I’m reviewing statistics and epidemiology, but I needed a reminder about the difference between probability and odds. I found Rahul Patwari’s video on Odds Ratios and Risk Ratios helpful, and I borrow from his example in the explanation below. (By the way, it’s good practice to check the URL of any link online to see where it leads. To do this for a web browser, search for how to turn on your status bar.) Three short phrases may help you to remember the difference between these two concepts:

The denominator makes the difference.

Probability is a whole other problem.

Odd one’s out.

Probability is a whole other problem. If you have 10 patients taking a drug, and the 6 experience cardiac events related to that drug, then the probability of experiencing a cardiac event when taking the drug is 6/10 (or 0.6), where 6 is the number of events and 10 is the whole number of patients.

Odd one’s out.
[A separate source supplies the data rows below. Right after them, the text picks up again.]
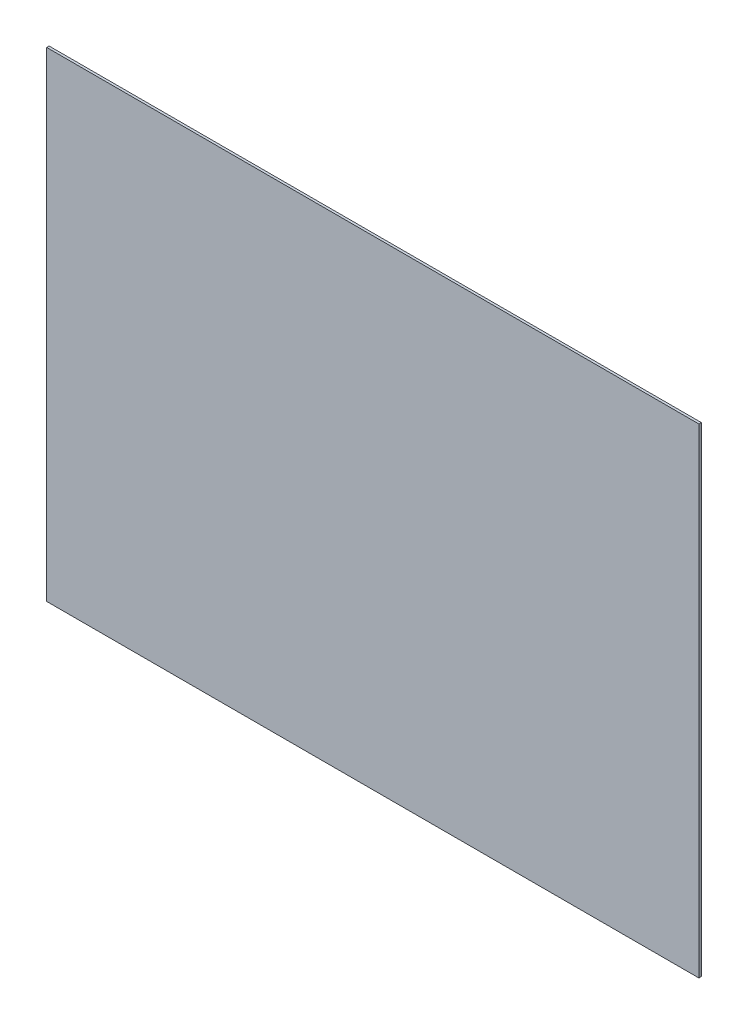
from build123d import *

# Parameters (mm, degrees)
SKETCH1_W      = 13400
SKETCH1_H      = 9858
EXTRUDE1_DEPTH = 50


with BuildPart() as part:
    # Sketch1 → Extrude1 (new body)
    with BuildSketch(Plane.XY):
        with Locations((1200, 1129)):
            Rectangle(SKETCH1_W, SKETCH1_H)
    extrude(amount=-EXTRUDE1_DEPTH)


solid = part.part

In that same example, the odds of experiencing a cardiac event when taking the drug are 6/4 (or 3/2), where 6 is the number of events and 4 is the number of cases in which an event might have occurred but did not. I like to think of the latter as “non-events” that are left out after we count all of the events, since we are often more interested in the events rather than we are the “non-events”.

The denominator makes the difference. In the case of probability, the denominator represents the whole group. In the case of odds, the denominator represents those odd events that were left out, in terms of the events we were studying.